The implicit conversion rules become slightly complicated in the C99 standard.

The reason lies in the fact that C99 introduces both the boolean type _Bool and the new integer type long long. Moreover it also adds the complex type which we will see later.

To be able to define the conversion rules, in C99 the so-called integer type conversion hierarchy was introduced. This hierarchy defines the conversion order between integer types and is defined as follows from the highest to the lowest level:

long long int and unsigned long long int
long int and unsigned long int
int and unsigned int
short int and unsigned short int
char, signed char and unsigned char
_Bool

The Integral Promotion rule is thus redefined in C99:

Definition

Integral Promotion in C99

All integer types that are in the integer type conversion hierarchy below the level of int and unsigned int are automatically promoted to:

int if the value can be represented with an int;
unsigned int otherwise.

Having said this, we can now define the implicit conversion rules in C99:

If one of the two operands is of a floating-point type the same rules seen above apply:
- If one of the two operands is of type long double, the other operand is converted to long double.
- Otherwise, if one of the two operands is of type double, the other operand is converted to double.
- Otherwise, if one of the two operands is of type float, the other operand is converted to float.
If both operands are of integer type the following rules are applied:

First, integral promotion is performed if necessary.

If the types of the two operands are, after the first step, equal the conversion process ends.

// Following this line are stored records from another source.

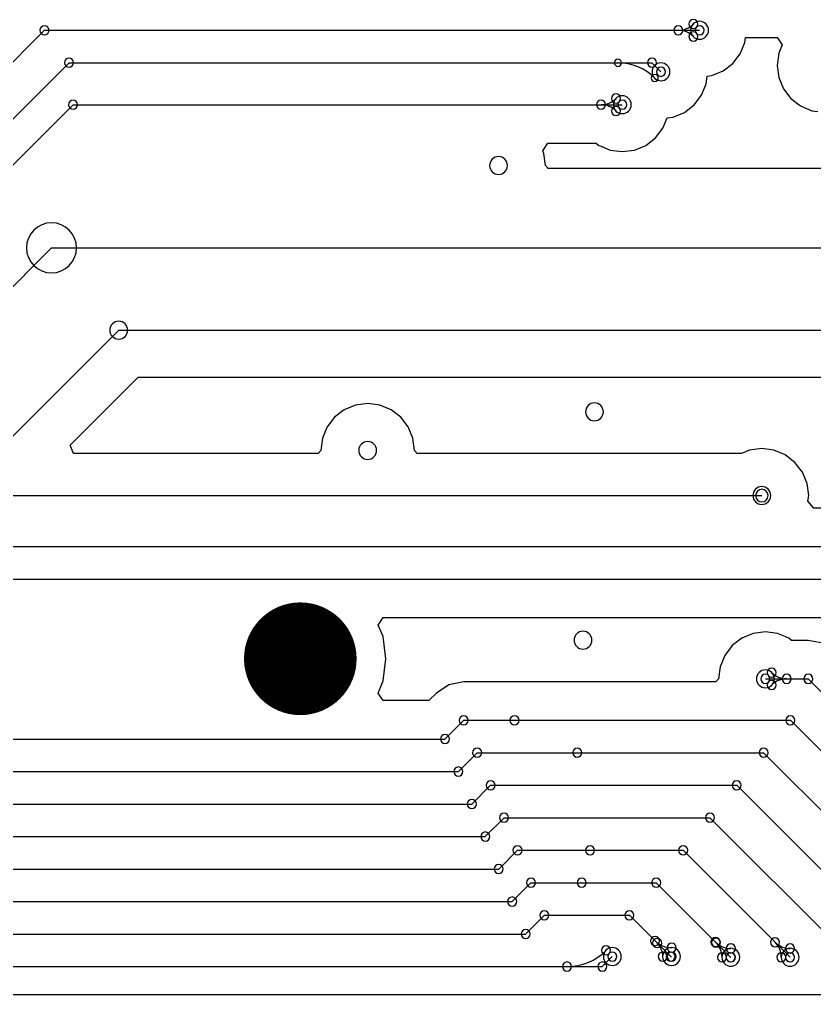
# Model space of a CAD drawing. Header units: inches. Extents: x 32166 to 66782, y 2386 to 7162.
# Drawn here: x 33452.5 to 33502.5, y 3490.6 to 3551.9 of the extents above; entities that cross this region are included whole.
import ezdxf

# ---------------------------------------------------------------- set-up
doc = ezdxf.new("R2010")
doc.units = ezdxf.units.IN
doc.header["$LTSCALE"] = 0.64311
doc.header["$MEASUREMENT"] = 0
for name, color, linetype in [('KEEPOUTLAYER', 6, 'CONTINUOUS'), ('MIDLAYER1', 16, 'CONTINUOUS'), ('MULTILAYER', 9, 'CONTINUOUS')]:
    doc.layers.add(name, color=color, linetype=linetype)

msp = doc.modelspace()

# ---------------------------------------------------------------- linework, layer by layer
at = {"layer": 'KEEPOUTLAYER'}
msp.add_line((32666.613, 3490.597), (34174.114, 3490.597), dxfattribs=at)
at = {"layer": 'MIDLAYER1'}
for p, q in [((33446.594, 3543.732), (33454.075, 3551.213)), ((33454.075, 3551.213), (33495.288, 3551.213)), ((33498.137, 3550.449), (33498.179, 3550.762)), ((33498.179, 3550.762), (33500.163, 3550.762)), ((33500.163, 3550.762), (33500.481, 3550.287)), ((33497.843, 3549.737), (33498.137, 3550.449)), ((33500.481, 3550.287), (33500.267, 3549.771)), ((33497.374, 3549.126), (33497.843, 3549.737)), ((33500.267, 3549.771), (33500.167, 3549.007)), ((33448.144, 3541.689), (33455.625, 3549.17)), ((33455.625, 3549.17), (33492.29, 3549.17)), ((33492.29, 3549.17), (33492.857, 3548.602)), ((33496.763, 3548.658), (33497.374, 3549.126)), ((33500.167, 3549.007), (33500.267, 3548.244)), ((33495.707, 3547.839), (33495.771, 3548.326)), ((33495.771, 3548.326), (33496.051, 3548.363)), ((33496.051, 3548.363), (33496.763, 3548.658)), ((33500.267, 3548.244), (33500.562, 3547.532)), ((33495.412, 3547.127), (33495.707, 3547.839)), ((33494.943, 3546.516), (33495.412, 3547.127)), ((33500.562, 3547.532), (33501.031, 3546.921)), ((33448.991, 3539.646), (33455.877, 3546.532)), ((33455.877, 3546.532), (33490.427, 3546.532)), ((33494.332, 3546.047), (33494.943, 3546.516)), ((33501.031, 3546.921), (33501.642, 3546.452)), ((33501.642, 3546.452), (33502.353, 3546.158)), ((33493.62, 3545.753), (33494.332, 3546.047)), ((33502.353, 3546.158), (33502.725, 3546.109)), ((33492.982, 3545.057), (33493.25, 3545.704)), ((33493.25, 3545.704), (33493.62, 3545.753)), ((33492.513, 3544.446), (33492.982, 3545.057)), ((33485.423, 3543.639), (33485.74, 3544.114)), ((33485.74, 3544.114), (33488.773, 3544.114)), ((33488.773, 3544.114), (33488.952, 3543.977)), ((33488.952, 3543.977), (33489.092, 3543.919)), ((33491.19, 3543.683), (33491.902, 3543.977)), ((33491.902, 3543.977), (33492.513, 3544.446)), ((33485.492, 3543.471), (33485.423, 3543.639)), ((33485.593, 3542.708), (33485.492, 3543.471)), ((33489.092, 3543.919), (33489.11, 3543.907)), ((33489.11, 3543.907), (33489.132, 3543.903)), ((33489.132, 3543.903), (33489.663, 3543.683)), ((33489.663, 3543.683), (33490.427, 3543.582)), ((33490.427, 3543.582), (33491.19, 3543.683)), ((33485.753, 3542.525), (33485.593, 3542.708)), ((33513.108, 3542.525), (33485.753, 3542.525)), ((33447.903, 3530.917), (33454.518, 3537.533)), ((33454.518, 3537.533), (33513.108, 3537.533)), ((33451.503, 3525.113), (33458.748, 3532.358)), ((33458.748, 3532.358), (33507.933, 3532.358)), ((33455.691, 3525.129), (33459.97, 3529.407)), ((33459.97, 3529.407), (33506.711, 3529.407)), ((33473.644, 3527.647), (33472.933, 3527.352)), ((33474.408, 3527.748), (33473.644, 3527.647)), ((33475.171, 3527.647), (33474.408, 3527.748)), ((33475.883, 3527.352), (33475.171, 3527.647)), ((33472.322, 3526.884), (33471.853, 3526.273)), ((33472.933, 3527.352), (33472.322, 3526.884)), ((33476.494, 3526.884), (33475.883, 3527.352)), ((33476.963, 3526.273), (33476.494, 3526.884)), ((33471.853, 3526.273), (33471.558, 3525.561)), ((33477.257, 3525.561), (33476.963, 3526.273)), ((33471.558, 3525.561), (33471.458, 3524.798)), ((33477.358, 3524.798), (33477.257, 3525.561)), ((33455.91, 3524.601), (33455.691, 3525.129)), ((33471.285, 3524.601), (33455.91, 3524.601)), ((33471.458, 3524.798), (33471.285, 3524.601)), ((33477.531, 3524.601), (33477.358, 3524.798)), ((33497.928, 3524.601), (33477.531, 3524.601)), ((33498.438, 3524.812), (33497.928, 3524.601)), ((33499.202, 3524.913), (33498.438, 3524.812)), ((33499.965, 3524.812), (33499.202, 3524.913)), ((33500.677, 3524.517), (33499.965, 3524.812)), ((33501.288, 3524.048), (33500.677, 3524.517)), ((33501.757, 3523.437), (33501.288, 3524.048)), ((33502.051, 3522.726), (33501.757, 3523.437)), ((33502.152, 3521.962), (33502.051, 3522.726)), ((33426.123, 3521.962), (33499.202, 3521.962)), ((33502.105, 3521.608), (33502.152, 3521.962)), ((33502.482, 3521.178), (33502.105, 3521.608)), ((33525.626, 3521.178), (33502.482, 3521.178)), ((33402.331, 3518.76), (33527.321, 3518.76)), ((33403.178, 3516.717), (33530.432, 3516.717)), ((33475.075, 3513.824), (33475.393, 3514.299)), ((33475.393, 3514.299), (33506.068, 3514.299)), ((33475.376, 3513.097), (33475.075, 3513.824)), ((33498.663, 3513.292), (33497.952, 3512.997)), ((33499.427, 3513.393), (33498.663, 3513.292)), ((33500.19, 3513.292), (33499.427, 3513.393)), ((33500.722, 3513.072), (33500.19, 3513.292)), ((33475.56, 3511.703), (33475.376, 3513.097)), ((33497.952, 3512.997), (33497.341, 3512.529)), ((33500.743, 3513.068), (33500.722, 3513.072)), ((33500.762, 3513.055), (33500.743, 3513.068)), ((33500.902, 3512.997), (33500.762, 3513.055)), ((33501.08, 3512.86), (33500.902, 3512.997)), ((33502.127, 3512.86), (33501.08, 3512.86)), ((33503.052, 3512.676), (33502.127, 3512.86)), ((33497.341, 3512.529), (33496.872, 3511.917)), ((33475.376, 3510.308), (33475.56, 3511.703)), ((33496.872, 3511.917), (33496.577, 3511.206)), ((33496.577, 3511.206), (33496.477, 3510.442)), ((33475.062, 3509.549), (33475.376, 3510.308)), ((33480.449, 3510.255), (33479.524, 3510.071)), ((33496.312, 3510.255), (33480.449, 3510.255)), ((33496.477, 3510.442), (33496.312, 3510.255)), ((33499.427, 3510.442), (33502.127, 3510.442)), ((33502.127, 3510.442), (33520.214, 3492.355)), ((33479.524, 3510.071), (33478.739, 3509.547)), ((33475.38, 3509.074), (33475.062, 3509.549)), ((33478.266, 3509.074), (33475.38, 3509.074)), ((33478.739, 3509.547), (33478.266, 3509.074)), ((33479.268, 3506.656), (33480.449, 3507.837)), ((33480.449, 3507.837), (33483.645, 3507.837)), ((33483.645, 3507.837), (33500.998, 3507.837)), ((33500.998, 3507.837), (33515.898, 3492.938)), ((33425.267, 3506.656), (33479.268, 3506.656)), ((33480.114, 3504.613), (33481.295, 3505.794)), ((33481.295, 3505.794), (33487.591, 3505.794)), ((33487.591, 3505.794), (33499.313, 3505.794)), ((33499.313, 3505.794), (33512.169, 3492.938)), ((33424.421, 3504.613), (33480.114, 3504.613)), ((33480.96, 3502.57), (33482.141, 3503.751)), ((33482.141, 3503.751), (33497.627, 3503.751)), ((33497.627, 3503.751), (33508.441, 3492.938)), ((33423.574, 3502.57), (33480.96, 3502.57)), ((33481.806, 3500.527), (33482.988, 3501.708)), ((33482.988, 3501.708), (33495.942, 3501.708)), ((33495.942, 3501.708), (33504.712, 3492.938)), ((33422.728, 3500.527), (33481.806, 3500.527)), ((33482.653, 3498.484), (33483.834, 3499.665)), ((33483.834, 3499.665), (33488.401, 3499.665)), ((33488.401, 3499.665), (33494.256, 3499.665)), ((33494.256, 3499.665), (33500.983, 3492.938)), ((33421.882, 3498.484), (33482.653, 3498.484)), ((33483.499, 3496.441), (33484.68, 3497.622)), ((33484.68, 3497.622), (33487.876, 3497.622)), ((33487.876, 3497.622), (33492.559, 3497.622)), ((33492.559, 3497.622), (33497.243, 3492.938)), ((33421.036, 3496.441), (33483.499, 3496.441)), ((33484.345, 3494.398), (33485.526, 3495.579)), ((33485.526, 3495.579), (33490.873, 3495.579)), ((33490.873, 3495.579), (33493.47, 3492.983)), ((33420.19, 3494.398), (33484.345, 3494.398)), ((33489.17, 3492.355), (33489.798, 3492.983)), ((33493.47, 3492.983), (33493.526, 3492.983)), ((33497.243, 3492.938), (33497.255, 3492.938)), ((33418.561, 3492.355), (33489.17, 3492.355))]:
    msp.add_line(p, q, dxfattribs=at)
at = {"layer": 'MIDLAYER1', "const_width": 3.543}
msp.add_lwpolyline([(33471.942, 3511.703, 1), (33468.399, 3511.703, 1)], format="xyb", close=True, dxfattribs=at)
at = {"layer": 'MIDLAYER1'}
for centre, radius, start, end in [((33454.075, 3551.213), 0.286, 0, 180), ((33454.075, 3551.213), 0.286, 0, 180), ((33493.952, 3551.213), 0.286, 0, 180), ((33493.952, 3551.213), 0.286, 0, 180), ((33493.952, 3551.213), 0.286, 0, 180), ((33493.952, 3551.213), 0.286, 0, 180), ((33493.952, 3551.213), 0.286, 0, 180), ((33493.952, 3551.213), 0.286, 0, 180), ((33493.952, 3552.549), 1.336, 270.00037, 315.00037), ((33493.952, 3552.549), 1.336, 270.00037, 315.00037), ((33493.952, 3552.549), 1.336, 270.00037, 315.00037), ((33494.896, 3551.604), 0.286, 0, 180), ((33494.896, 3551.604), 0.286, 0, 180), ((33494.896, 3551.604), 0.286, 0, 180), ((33494.896, 3551.604), 0.286, 180, 0), ((33494.896, 3551.604), 0.286, 180, 0), ((33494.896, 3551.604), 0.286, 180, 0), ((33495.288, 3551.213), 0.562, 0, 180), ((33495.288, 3551.213), 0.286, 0, 180), ((33454.075, 3551.213), 0.286, 180, 0), ((33454.075, 3551.213), 0.286, 180, 0), ((33493.952, 3551.213), 0.286, 180, 0), ((33493.952, 3551.213), 0.286, 180, 0), ((33493.952, 3551.213), 0.286, 180, 0), ((33493.952, 3551.213), 0.286, 180, 0), ((33493.952, 3551.213), 0.286, 180, 0), ((33493.952, 3551.213), 0.286, 180, 0), ((33493.952, 3549.876), 1.336, 44.99963, 89.99963), ((33493.952, 3549.876), 1.336, 44.99963, 89.99963), ((33493.952, 3549.876), 1.336, 44.99963, 89.99963), ((33494.896, 3550.821), 0.286, 0, 180), ((33494.896, 3550.821), 0.286, 0, 180), ((33494.896, 3550.821), 0.286, 0, 180), ((33494.896, 3550.821), 0.286, 180, 0), ((33494.896, 3550.821), 0.286, 180, 0), ((33494.896, 3550.821), 0.286, 180, 0), ((33495.288, 3551.213), 0.562, 180, 0), ((33495.288, 3551.213), 0.286, 180, 0), ((33455.625, 3549.17), 0.286, 0, 180), ((33455.625, 3549.17), 0.286, 0, 180), ((33492.29, 3549.17), 0.286, 0, 180), ((33492.29, 3549.17), 0.286, 0, 180), ((33455.625, 3549.17), 0.286, 180, 0), ((33455.625, 3549.17), 0.286, 180, 0), ((33490.151, 3549.17), 0.225, 0, 180), ((33490.151, 3549.17), 0.225, 180, 0), ((33490.151, 3545.897), 3.273, 44.99986, 89.99986), ((33492.29, 3549.17), 0.286, 180, 0), ((33492.29, 3549.17), 0.286, 180, 0), ((33492.857, 3548.602), 0.562, 0, 180), ((33492.857, 3548.602), 0.286, 0, 180), ((33492.465, 3548.211), 0.225, 0, 180), ((33492.857, 3548.602), 0.562, 180, 0), ((33492.857, 3548.602), 0.286, 180, 0), ((33492.465, 3548.211), 0.225, 180, 0), ((33490.035, 3546.924), 0.286, 0, 180), ((33490.035, 3546.924), 0.286, 0, 180), ((33490.035, 3546.924), 0.286, 0, 180), ((33490.427, 3546.532), 0.562, 0, 180), ((33455.877, 3546.532), 0.286, 0, 180), ((33455.877, 3546.532), 0.286, 0, 180), ((33455.877, 3546.532), 0.286, 180, 0), ((33455.877, 3546.532), 0.286, 180, 0), ((33489.091, 3546.532), 0.286, 0, 180), ((33489.091, 3546.532), 0.286, 0, 180), ((33489.091, 3546.532), 0.286, 0, 180), ((33489.091, 3546.532), 0.286, 0, 180), ((33489.091, 3546.532), 0.286, 0, 180), ((33489.091, 3546.532), 0.286, 0, 180), ((33489.091, 3546.532), 0.286, 180, 0), ((33489.091, 3546.532), 0.286, 180, 0), ((33489.091, 3546.532), 0.286, 180, 0), ((33489.091, 3546.532), 0.286, 180, 0), ((33489.091, 3546.532), 0.286, 180, 0), ((33489.091, 3546.532), 0.286, 180, 0), ((33489.091, 3547.869), 1.336, 270.00037, 315.00037), ((33489.091, 3547.869), 1.336, 270.00037, 315.00037), ((33489.091, 3547.869), 1.336, 270.00037, 315.00037), ((33489.091, 3545.196), 1.336, 44.99963, 89.99963), ((33489.091, 3545.196), 1.336, 44.99963, 89.99963), ((33489.091, 3545.196), 1.336, 44.99963, 89.99963), ((33490.035, 3546.924), 0.286, 180, 0), ((33490.035, 3546.924), 0.286, 180, 0), ((33490.035, 3546.924), 0.286, 180, 0), ((33490.035, 3546.141), 0.286, 0, 180), ((33490.035, 3546.141), 0.286, 0, 180), ((33490.035, 3546.141), 0.286, 0, 180), ((33490.427, 3546.532), 0.562, 180, 0), ((33490.427, 3546.532), 0.286, 0, 180), ((33490.427, 3546.532), 0.286, 180, 0), ((33490.035, 3546.141), 0.286, 180, 0), ((33490.035, 3546.141), 0.286, 180, 0), ((33490.035, 3546.141), 0.286, 180, 0), ((33482.643, 3542.708), 0.562, 0, 180), ((33482.643, 3542.708), 0.562, 180, 0), ((33454.518, 3537.533), 1.575, 0, 180), ((33454.518, 3537.533), 1.575, 0, 180), ((33454.518, 3537.533), 1.575, 180, 0), ((33454.518, 3537.533), 1.575, 180, 0), ((33458.748, 3532.358), 0.562, 0, 180), ((33458.748, 3532.358), 0.562, 0, 180), ((33458.748, 3532.358), 0.562, 180, 0), ((33458.748, 3532.358), 0.562, 180, 0), ((33488.673, 3527.227), 0.562, 0, 180), ((33488.673, 3527.227), 0.562, 180, 0), ((33474.408, 3524.798), 0.562, 0, 180), ((33474.408, 3524.798), 0.562, 180, 0), ((33499.202, 3521.962), 0.562, 0, 180), ((33499.202, 3521.962), 0.562, 180, 0), ((33499.202, 3521.962), 0.394, 0, 180), ((33499.202, 3521.962), 0.394, 180, 0), ((33487.953, 3512.872), 0.562, 0, 180), ((33487.953, 3512.872), 0.562, 180, 0), ((33499.427, 3510.442), 0.562, 0, 180), ((33499.818, 3510.834), 0.286, 0, 180), ((33499.818, 3510.834), 0.286, 0, 180), ((33499.818, 3510.834), 0.286, 0, 180), ((33499.818, 3510.834), 0.286, 180, 0), ((33499.818, 3510.834), 0.286, 180, 0), ((33499.818, 3510.834), 0.286, 180, 0), ((33500.763, 3511.779), 1.336, 224.99963, 269.99963), ((33500.763, 3511.779), 1.336, 224.99963, 269.99963), ((33500.763, 3511.779), 1.336, 224.99963, 269.99963), ((33499.427, 3510.442), 0.562, 180, 0), ((33499.427, 3510.442), 0.286, 0, 180), ((33499.427, 3510.442), 0.286, 180, 0), ((33499.818, 3510.051), 0.286, 0, 180), ((33499.818, 3510.051), 0.286, 0, 180), ((33499.818, 3510.051), 0.286, 0, 180), ((33500.763, 3509.106), 1.336, 90.00037, 135.00037), ((33500.763, 3509.106), 1.336, 90.00037, 135.00037), ((33500.763, 3509.106), 1.336, 90.00037, 135.00037), ((33500.763, 3510.442), 0.286, 0, 180), ((33500.763, 3510.442), 0.286, 0, 180), ((33500.763, 3510.442), 0.286, 0, 180), ((33500.763, 3510.442), 0.286, 0, 180), ((33500.763, 3510.442), 0.286, 0, 180), ((33500.763, 3510.442), 0.286, 0, 180), ((33500.763, 3510.442), 0.286, 180, 0), ((33500.763, 3510.442), 0.286, 180, 0), ((33500.763, 3510.442), 0.286, 180, 0), ((33500.763, 3510.442), 0.286, 180, 0), ((33500.763, 3510.442), 0.286, 180, 0), ((33500.763, 3510.442), 0.286, 180, 0), ((33502.127, 3510.442), 0.286, 0, 180), ((33502.127, 3510.442), 0.286, 0, 180), ((33502.127, 3510.442), 0.286, 180, 0), ((33502.127, 3510.442), 0.286, 180, 0), ((33499.818, 3510.051), 0.286, 180, 0), ((33499.818, 3510.051), 0.286, 180, 0), ((33499.818, 3510.051), 0.286, 180, 0), ((33480.449, 3507.837), 0.286, 0, 180), ((33480.449, 3507.837), 0.286, 0, 180), ((33480.449, 3507.837), 0.286, 180, 0), ((33480.449, 3507.837), 0.286, 180, 0), ((33483.645, 3507.837), 0.286, 0, 180), ((33483.645, 3507.837), 0.286, 0, 180), ((33483.645, 3507.837), 0.286, 180, 0), ((33483.645, 3507.837), 0.286, 180, 0), ((33500.998, 3507.837), 0.286, 0, 180), ((33500.998, 3507.837), 0.286, 0, 180), ((33500.998, 3507.837), 0.286, 180, 0), ((33500.998, 3507.837), 0.286, 180, 0), ((33479.268, 3506.656), 0.286, 0, 180), ((33479.268, 3506.656), 0.286, 0, 180), ((33479.268, 3506.656), 0.286, 180, 0), ((33479.268, 3506.656), 0.286, 180, 0), ((33481.295, 3505.794), 0.286, 0, 180), ((33481.295, 3505.794), 0.286, 0, 180), ((33487.591, 3505.794), 0.286, 0, 180), ((33487.591, 3505.794), 0.286, 0, 180), ((33499.313, 3505.794), 0.286, 0, 180), ((33499.313, 3505.794), 0.286, 0, 180), ((33481.295, 3505.794), 0.286, 180, 0), ((33481.295, 3505.794), 0.286, 180, 0), ((33487.591, 3505.794), 0.286, 180, 0), ((33487.591, 3505.794), 0.286, 180, 0), ((33499.313, 3505.794), 0.286, 180, 0), ((33499.313, 3505.794), 0.286, 180, 0), ((33480.114, 3504.613), 0.286, 0, 180), ((33480.114, 3504.613), 0.286, 0, 180), ((33480.114, 3504.613), 0.286, 180, 0), ((33480.114, 3504.613), 0.286, 180, 0), ((33482.141, 3503.751), 0.286, 0, 180), ((33482.141, 3503.751), 0.286, 0, 180), ((33482.141, 3503.751), 0.286, 180, 0), ((33482.141, 3503.751), 0.286, 180, 0), ((33497.627, 3503.751), 0.286, 0, 180), ((33497.627, 3503.751), 0.286, 0, 180), ((33497.627, 3503.751), 0.286, 180, 0), ((33497.627, 3503.751), 0.286, 180, 0), ((33480.96, 3502.57), 0.286, 0, 180), ((33480.96, 3502.57), 0.286, 0, 180), ((33480.96, 3502.57), 0.286, 180, 0), ((33480.96, 3502.57), 0.286, 180, 0), ((33482.988, 3501.708), 0.286, 0, 180), ((33482.988, 3501.708), 0.286, 0, 180), ((33482.988, 3501.708), 0.286, 180, 0), ((33482.988, 3501.708), 0.286, 180, 0), ((33495.942, 3501.708), 0.286, 0, 180), ((33495.942, 3501.708), 0.286, 0, 180), ((33495.942, 3501.708), 0.286, 180, 0), ((33495.942, 3501.708), 0.286, 180, 0), ((33481.806, 3500.527), 0.286, 0, 180), ((33481.806, 3500.527), 0.286, 0, 180), ((33481.806, 3500.527), 0.286, 180, 0), ((33481.806, 3500.527), 0.286, 180, 0), ((33483.834, 3499.665), 0.286, 0, 180), ((33483.834, 3499.665), 0.286, 0, 180), ((33488.401, 3499.665), 0.286, 0, 180), ((33488.401, 3499.665), 0.286, 0, 180), ((33494.256, 3499.665), 0.286, 0, 180), ((33494.256, 3499.665), 0.286, 0, 180), ((33483.834, 3499.665), 0.286, 180, 0), ((33483.834, 3499.665), 0.286, 180, 0), ((33488.401, 3499.665), 0.286, 180, 0), ((33488.401, 3499.665), 0.286, 180, 0), ((33494.256, 3499.665), 0.286, 180, 0), ((33494.256, 3499.665), 0.286, 180, 0), ((33482.653, 3498.484), 0.286, 0, 180), ((33482.653, 3498.484), 0.286, 0, 180), ((33482.653, 3498.484), 0.286, 180, 0), ((33482.653, 3498.484), 0.286, 180, 0), ((33484.68, 3497.622), 0.286, 0, 180), ((33484.68, 3497.622), 0.286, 0, 180), ((33484.68, 3497.622), 0.286, 180, 0), ((33484.68, 3497.622), 0.286, 180, 0), ((33487.876, 3497.622), 0.286, 0, 180), ((33487.876, 3497.622), 0.286, 0, 180), ((33487.876, 3497.622), 0.286, 180, 0), ((33487.876, 3497.622), 0.286, 180, 0), ((33492.559, 3497.622), 0.286, 0, 180), ((33492.559, 3497.622), 0.286, 0, 180), ((33492.559, 3497.622), 0.286, 180, 0), ((33492.559, 3497.622), 0.286, 180, 0), ((33483.499, 3496.441), 0.286, 0, 180), ((33483.499, 3496.441), 0.286, 0, 180), ((33483.499, 3496.441), 0.286, 180, 0), ((33483.499, 3496.441), 0.286, 180, 0), ((33485.526, 3495.579), 0.286, 0, 180), ((33485.526, 3495.579), 0.286, 0, 180), ((33485.526, 3495.579), 0.286, 180, 0), ((33485.526, 3495.579), 0.286, 180, 0), ((33490.873, 3495.579), 0.286, 0, 180), ((33490.873, 3495.579), 0.286, 0, 180), ((33490.873, 3495.579), 0.286, 180, 0), ((33490.873, 3495.579), 0.286, 180, 0), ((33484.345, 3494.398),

Otherwise, the following rules are used, stopping at the first one that has a match:
1. If one operand is signed while the other is unsigned, the operand with the lower type in the hierarchy is converted to the type of the operand with the higher type.
2. If the unsigned operand has a higher type in the hierarchy or is at the same level as the signed operand, the signed operand is converted to the type of the unsigned operand.
3. If the type of the signed operand can represent all the values of the type of the unsigned operand, the unsigned operand is converted to the type of the signed operand.
4. Otherwise, both operands are converted to the unsigned type corresponding to the same level of the hierarchy of the signed type.

In Summary

In this lesson we have seen how the C compiler handles implicit type conversions.

We have seen that:

The C compiler inserts conversion instructions to convert operands into a common format when it encounters an expression with operands of different types.
These conversions are called implicit conversions.
There are four situations in which implicit conversions occur: arithmetic conversions, conversions in assignment phase, conversions in function call phase and conversions in function return phase.
Arithmetic conversions are applied when binary operators are used between operands of different type.
The implicit arithmetic conversion strategy in C consists of converting the operands to the smallest type capable of containing both of them.
Type promotion is an implicit conversion that consists of extending a data type to a type that occupies more bytes but which uses the same representation.
Integral promotion is an implicit conversion that consists of extending a data type to a 32-bit integer type.
When signed and unsigned types are combined in an arithmetic expression, the C compiler converts the signed integer into an unsigned integer if the two types use the same number of bits.
The conversion rules in assignment phase in C provide that the expression on the right of the assignment operator is converted to the type of the variable on the left of the assignment.
In C99, the implicit conversion rules become slightly complicated due to the introduction of the boolean type _Bool and the integer type long long.

In the next lesson we will see how to perform explicit type conversions in C language: this type of conversion takes the name of casting.